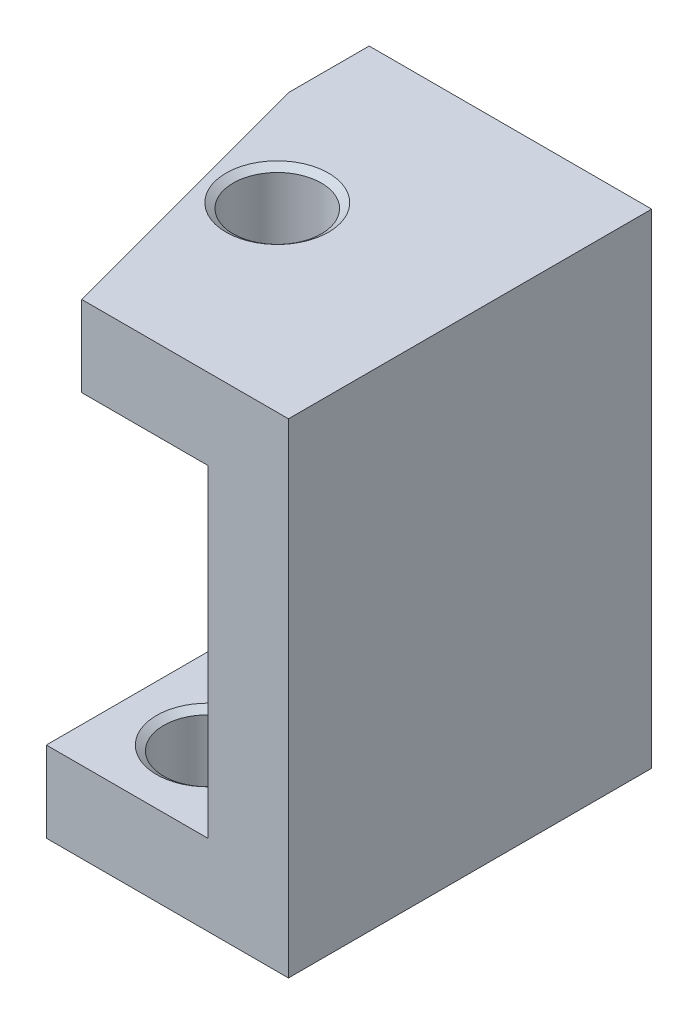
SolidWorks part; units mm, degrees
ref_plane "Спереди" through (0, 0, 0) normal (0, 0, 1) x (1, 0, 0)
ref_plane "Сверху" through (0, 0, 0) normal (0, 1, 0) x (1, 0, 0)
ref_plane "Справа" through (0, 0, 0) normal (1, 0, 0) x (0, 0, -1)
sketch "Эскиз1" plane through (0, 0, 0) normal (0, 0, 1) x (1, 0, 0)
  line L0 (2, 10) -> (23, 10)
  line L1 (0, 0) -> (25, 0)
  line L2 (0, 0) -> (0, 12)
  line L3 (0, 12) -> (25, 12)
  line L4 (25, 0) -> (25, 12)
  line L5 (23, 2) -> (23, 10)
  line L6 (2, 2) -> (23, 2)
  line L7 (2, 2) -> (2, 10)
  dimension "D1" = 12
  dimension "D2" = 25
  dimension "D3" = 2
extrude "Бобышка-Вытянуть1" add sketch "Эскиз1" along normal blind 9
sketch "Эскиз2" plane through (0, 0, 9) normal (0, 0, 1) x (1, 0, 0)
  line L0 (18, 12) -> (18, 6.1741)
  line L1 (25, 12) -> (0, 12) construction
  line L2 (18, 6.1741) -> (19, 6.1741)
  line L3 (19, 6.1741) -> (19, 0)
  line L4 (0, 0) -> (25, 0) construction
  line L5 (25, 0) -> (25, 12) construction
  line M1 (0, 12) -> (0, 0)
  line M2 (0, 0) -> (25, 0)
  line M4 (25, 12) -> (0, 12)
  line M5 (2, 2) -> (2, 10)
  line M6 (2, 10) -> (23, 10)
  line M8 (23, 2) -> (2, 2)
  dimension "D1" = 7
  dimension "D2" = 6
extrude "Вырез-Вытянуть1" cut sketch "Эскиз2" against normal through all contours L3 L0 M8 M5 M6 M4 M1 M2
chamfer "Фаска1" distance 7 angle 15 1 edges at (18, 11, 9)
hole_wizard "Отверстие обработанное метчиком #2-561" positions "Эскиз4" profile "Эскиз5" tap size "#2-56" standard "Ansi (в дюймах)" end condition up to next
sketch "Эскиз4" plane through (0, 0, 0) normal (0, -1, 0) x (1, 0, 0)
  line L0 (19, 0) -> (19, 9) construction
  line L1 (19, 9) -> (25, 9) construction
  line L2 (19, 0) -> (25, 0) construction
  point P0 (21, 2)
  point P1 (21, 7)
  dimension "D1" = 2
  dimension "D2" = 2
  dimension "D3" = 2
sketch "Эскиз5" plane through (21, 0, 2) normal (1, 0, 0) x (0, 0, -1)
  line L0 (0, 0) -> (0, 2)
  line L1 (0, 2) -> (1.27, 2)
  line L2 (1.0922, 1.8755) -> (1.0922, 0.1245)
  line L3 (1.0922, 0.1245) -> (1.27, 0)
  line L5 (1.27, 0) -> (0, 0)
  line L6 (-1.0922, 0.1245) -> (-1.27, 0) construction
  line L7 (1.27, 2) -> (1.0922, 1.8755)
  line L8 (-1.27, 2) -> (-1.0922, 1.8755) construction
  line L11 (0, -6.35) -> (0, 107.95) construction
  dimension "Диаметр резьбы" = 2.1844
  dimension "Глубина проходного сверла" = 2
  dimension "Диаметр передней зенковки" = 2.54
  dimension "Угол передней зенковки" = 110
  dimension "Диаметр задней зенковки" = 2.54
  dimension "Угол задней зенковки" = 110
hole_wizard "Отверстие обработанное метчиком #2-562" positions "Эскиз7" profile "Эскиз6" tap size "#2-56" standard "Ansi (в дюймах)" end condition up to next
sketch "Эскиз7" plane through (0, 12, 0) normal (0, 1, 0) x (-1, 0, 0)
  line L1 (-18, 2) -> (-19.8756, 9) construction
  line L3 (-25, 9) -> (-19.8756, 9) construction
  point P0 (-20.2228, 4.5)
  dimension "D1" = 1.5
  dimension "D2" = 4.5
sketch "Эскиз6" plane through (20.2228, 12, 4.5) normal (1, 0, 0) x (0, 0, 1)
  line L0 (0, 0) -> (0, 2)
  line L1 (0, 2) -> (1.27, 2)
  line L2 (1.0922, 1.8755) -> (1.0922, 0.1245)
  line L3 (1.0922, 0.1245) -> (1.27, 0)
  line L5 (1.27, 0) -> (0, 0)
  line L6 (-1.0922, 0.1245) -> (-1.27, 0) construction
  line L7 (1.27, 2) -> (1.0922, 1.8755)
  line L8 (-1.27, 2) -> (-1.0922, 1.8755) construction
  line L11 (0, -6.35) -> (0, 107.95) construction
  dimension "Диаметр резьбы" = 2.1844
  dimension "Глубина проходного сверла" = 2
  dimension "Диаметр передней зенковки" = 2.54
  dimension "Угол передней зенковки" = 110
  dimension "Диаметр задней зенковки" = 2.54
  dimension "Угол задней зенковки" = 110

— EXERCISE —
Which lines of the records hold the string "standard"? Copy each one.

— RESULT OF THE TASK —
hole_wizard "Отверстие обработанное метчиком #2-561" positions "Эскиз4" profile "Эскиз5" tap size "#2-56" standard "Ansi (в дюймах)" end condition up to next
hole_wizard "Отверстие обработанное метчиком #2-562" positions "Эскиз7" profile "Эскиз6" tap size "#2-56" standard "Ansi (в дюймах)" end condition up to next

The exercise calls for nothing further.